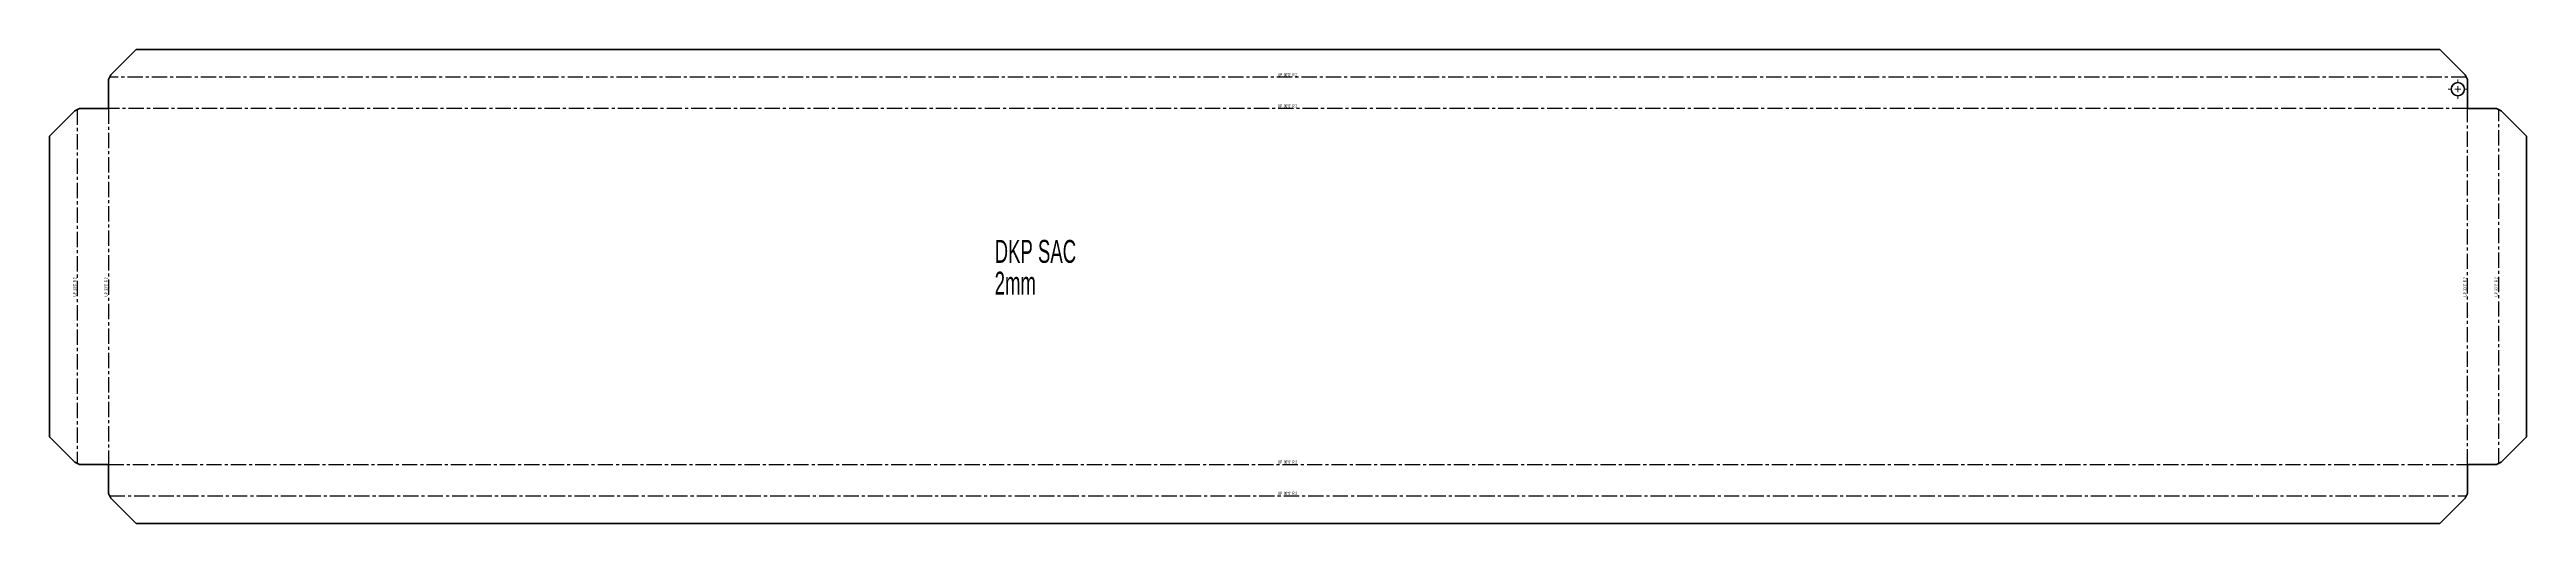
# Model space of a CAD drawing. Header units: millimetres. Extents: x -430 to 1628, y -89 to 305.
import ezdxf

# ---------------------------------------------------------------- set-up
doc = ezdxf.new("R2010")
doc.units = ezdxf.units.MM
doc.linetypes.add('CENTERX2', pattern=[20.32, 12.7, -2.54, 2.54, -2.54])
doc.styles.add('SLDTEXTSTYLE0', font='TXT', dxfattribs={"width": 0.5675})
doc.styles.add('SLDTEXTSTYLE1', font='TXT', dxfattribs={"width": 0.605})

# ---------------------------------------------------------------- blocks, each defined once
blk = doc.blocks.new('SW_NOTE_0')
at = {"color": 0, "linetype": 'Continuous', "lineweight": 0, "char_height": 19.05, "attachment_point": 1, "style": 'SLDTEXTSTYLE1'}
for s, insert in [('DKP SAC', (0, 24.6)), ('2mm', (0, -1.8))]:
    blk.add_mtext(s, dxfattribs=dict(at, insert=insert))
blk = doc.blocks.new('SW_CENTERMARKSYMBOL_0')
at = {"color": 0, "linetype": 'Continuous', "lineweight": 18}
for p, q in [((-5, 0), (-8, 0)), ((0, 0), (-2.5, 0)), ((0, 5), (0, 8)), ((0, 0), (0, 2.5)), ((0, 0), (2.5, 0)), ((0, 0), (0, -2.5)), ((5, 0), (8, 0)), ((0, -5), (0, -8))]:
    blk.add_line(p, q, dxfattribs=at)

msp = doc.modelspace()

# ---------------------------------------------------------------- linework, layer by layer
at = {"color": 7, "linetype": 'Continuous', "lineweight": 35}
for p, q in [((-379.2, 284.4), (-358.2, 305.4)), ((1555.6, 305.4), (-358.2, 305.4)), ((1555.6, 305.4), (1576.6, 284.4)), ((-381.2, 280.4), (-379.2, 284.4)), ((-381.2, 256.4), (-381.2, 280.4)), ((1576.6, 284.4), (1578.6, 280.4)), ((1578.6, 256.4), (1578.6, 280.4)), ((-430.2, 233.4), (-409.2, 254.4)), ((-409.2, 254.4), (-405.2, 256.4)), ((-381.2, 256.4), (-405.2, 256.4)), ((1578.6, 256.4), (1602.6, 256.4)), ((1602.6, 256.4), (1606.6, 254.4)), ((1606.6, 254.4), (1627.6, 233.4)), ((-430.2, 233.4), (-430.2, -16.6)), ((1627.6, -16.6), (1627.6, 233.4)), ((-409.2, -37.6), (-430.2, -16.6)), ((1627.6, -16.6), (1606.6, -37.6)), ((-405.2, -39.6), (-409.2, -37.6)), ((-381.2, -39.6), (-405.2, -39.6)), ((-381.2, -39.6), (-381.2, -63.6)), ((1578.6, -39.6), (1602.6, -39.6)), ((1578.6, -39.6), (1578.6, -63.6)), ((1606.6, -37.6), (1602.6, -39.6)), ((-379.2, -67.6), (-381.2, -63.6)), ((-358.2, -88.6), (-379.2, -67.6)), ((1576.6, -67.6), (1555.6, -88.6)), ((1578.6, -63.6), (1576.6, -67.6)), ((-358.2, -88.6), (1555.6, -88.6))]:
    msp.add_line(p, q, dxfattribs=at)
at = {"color": 7, "linetype": 'CENTERX2'}
for p, q in [((1577.6, 282.4), (-380.2, 282.4)), ((-407.2, 255.4), (-407.2, -38.6)), ((1578.6, 256.4), (-381.2, 256.4)), ((-381.2, 256.4), (-381.2, -39.6)), ((1578.6, -39.6), (1578.6, 256.4)), ((1604.6, -38.6), (1604.6, 255.4)), ((-381.2, -39.6), (1578.6, -39.6)), ((-380.2, -65.6), (1577.6, -65.6))]:
    msp.add_line(p, q, dxfattribs=at)
at = {"color": 7, "linetype": 'Continuous', "lineweight": 35}
msp.add_circle((1570.6, 272.4), 5.5, dxfattribs=at)

# ---------------------------------------------------------------- block references
at = {"color": 7, "linetype": 'Continuous', "lineweight": 18}
msp.add_blockref('SW_CENTERMARKSYMBOL_0', (1570.6, 272.4), dxfattribs=at)
at = {"color": 7, "linetype": 'Continuous', "lineweight": 0}
msp.add_blockref('SW_NOTE_0', (355, 122.5), dxfattribs=at)

# ---------------------------------------------------------------- texts
at = {"color": 7, "linetype": 'Continuous', "lineweight": 0, "char_height": 2.646, "attachment_point": 2, "style": 'SLDTEXTSTYLE0'}
for insert in [(598.3, 285.7), (598.3, 259.8), (598.3, -36.2), (598.3, -62.2)]:
    msp.add_mtext("UP  90°0'  R 2", dxfattribs=dict(at, insert=insert))
at = {"color": 7, "linetype": 'Continuous', "lineweight": 0, "char_height": 2.646, "attachment_point": 2, "rotation": 90, "style": 'SLDTEXTSTYLE0'}
for insert in [(-410.6, 108), (-384.6, 108), (1575.1, 108), (1601.1, 108)]:
    msp.add_mtext("UP  90°0'  R 2", dxfattribs=dict(at, insert=insert))

doc.saveas('drawing.dxf')

Requirement:
An exact reproduction of the data is required, with pictures excluded.

Answer box:
# Model space of a CAD drawing. Header units: millimetres. Extents: x -430 to 1628, y -89 to 305.
import ezdxf

# ---------------------------------------------------------------- set-up
doc = ezdxf.new("R2010")
doc.units = ezdxf.units.MM
doc.linetypes.add('CENTERX2', pattern=[20.32, 12.7, -2.54, 2.54, -2.54])
doc.styles.add('SLDTEXTSTYLE0', font='TXT', dxfattribs={"width": 0.5675})
doc.styles.add('SLDTEXTSTYLE1', font='TXT', dxfattribs={"width": 0.605})

# ---------------------------------------------------------------- blocks, each defined once
blk = doc.blocks.new('SW_NOTE_0')
at = {"color": 0, "linetype": 'Continuous', "lineweight": 0, "char_height": 19.05, "attachment_point": 1, "style": 'SLDTEXTSTYLE1'}
for s, insert in [('DKP SAC', (0, 24.6)), ('2mm', (0, -1.8))]:
    blk.add_mtext(s, dxfattribs=dict(at, insert=insert))
blk = doc.blocks.new('SW_CENTERMARKSYMBOL_0')
at = {"color": 0, "linetype": 'Continuous', "lineweight": 18}
for p, q in [((-5, 0), (-8, 0)), ((0, 0), (-2.5, 0)), ((0, 5), (0, 8)), ((0, 0), (0, 2.5)), ((0, 0), (2.5, 0)), ((0, 0), (0, -2.5)), ((5, 0), (8, 0)), ((0, -5), (0, -8))]:
    blk.add_line(p, q, dxfattribs=at)

msp = doc.modelspace()

# ---------------------------------------------------------------- linework, layer by layer
at = {"color": 7, "linetype": 'Continuous', "lineweight": 35}
for p, q in [((-379.2, 284.4), (-358.2, 305.4)), ((1555.6, 305.4), (-358.2, 305.4)), ((1555.6, 305.4), (1576.6, 284.4)), ((-381.2, 280.4), (-379.2, 284.4)), ((-381.2, 256.4), (-381.2, 280.4)), ((1576.6, 284.4), (1578.6, 280.4)), ((1578.6, 256.4), (1578.6, 280.4)), ((-430.2, 233.4), (-409.2, 254.4)), ((-409.2, 254.4), (-405.2, 256.4)), ((-381.2, 256.4), (-405.2, 256.4)), ((1578.6, 256.4), (1602.6, 256.4)), ((1602.6, 256.4), (1606.6, 254.4)), ((1606.6, 254.4), (1627.6, 233.4)), ((-430.2, 233.4), (-430.2, -16.6)), ((1627.6, -16.6), (1627.6, 233.4)), ((-409.2, -37.6), (-430.2, -16.6)), ((1627.6, -16.6), (1606.6, -37.6)), ((-405.2, -39.6), (-409.2, -37.6)), ((-381.2, -39.6), (-405.2, -39.6)), ((-381.2, -39.6), (-381.2, -63.6)), ((1578.6, -39.6), (1602.6, -39.6)), ((1578.6, -39.6), (1578.6, -63.6)), ((1606.6, -37.6), (1602.6, -39.6)), ((-379.2, -67.6), (-381.2, -63.6)), ((-358.2, -88.6), (-379.2, -67.6)), ((1576.6, -67.6), (1555.6, -88.6)), ((1578.6, -63.6), (1576.6, -67.6)), ((-358.2, -88.6), (1555.6, -88.6))]:
    msp.add_line(p, q, dxfattribs=at)
at = {"color": 7, "linetype": 'CENTERX2'}
for p, q in [((1577.6, 282.4), (-380.2, 282.4)), ((-407.2, 255.4), (-407.2, -38.6)), ((1578.6, 256.4), (-381.2, 256.4)), ((-381.2, 256.4), (-381.2, -39.6)), ((1578.6, -39.6), (1578.6, 256.4)), ((1604.6, -38.6), (1604.6, 255.4)), ((-381.2, -39.6), (1578.6, -39.6)), ((-380.2, -65.6), (1577.6, -65.6))]:
    msp.add_line(p, q, dxfattribs=at)
at = {"color": 7, "linetype": 'Continuous', "lineweight": 35}
msp.add_circle((1570.6, 272.4), 5.5, dxfattribs=at)

# ---------------------------------------------------------------- block references
at = {"color": 7, "linetype": 'Continuous', "lineweight": 18}
msp.add_blockref('SW_CENTERMARKSYMBOL_0', (1570.6, 272.4), dxfattribs=at)
at = {"color": 7, "linetype": 'Continuous', "lineweight": 0}
msp.add_blockref('SW_NOTE_0', (355, 122.5), dxfattribs=at)

# ---------------------------------------------------------------- texts
at = {"color": 7, "linetype": 'Continuous', "lineweight": 0, "char_height": 2.646, "attachment_point": 2, "style": 'SLDTEXTSTYLE0'}
for insert in [(598.3, 285.7), (598.3, 259.8), (598.3, -36.2), (598.3, -62.2)]:
    msp.add_mtext("UP  90°0'  R 2", dxfattribs=dict(at, insert=insert))
at = {"color": 7, "linetype": 'Continuous', "lineweight": 0, "char_height": 2.646, "attachment_point": 2, "rotation": 90, "style": 'SLDTEXTSTYLE0'}
for insert in [(-410.6, 108), (-384.6, 108), (1575.1, 108), (1601.1, 108)]:
    msp.add_mtext("UP  90°0'  R 2", dxfattribs=dict(at, insert=insert))

doc.saveas('drawing.dxf')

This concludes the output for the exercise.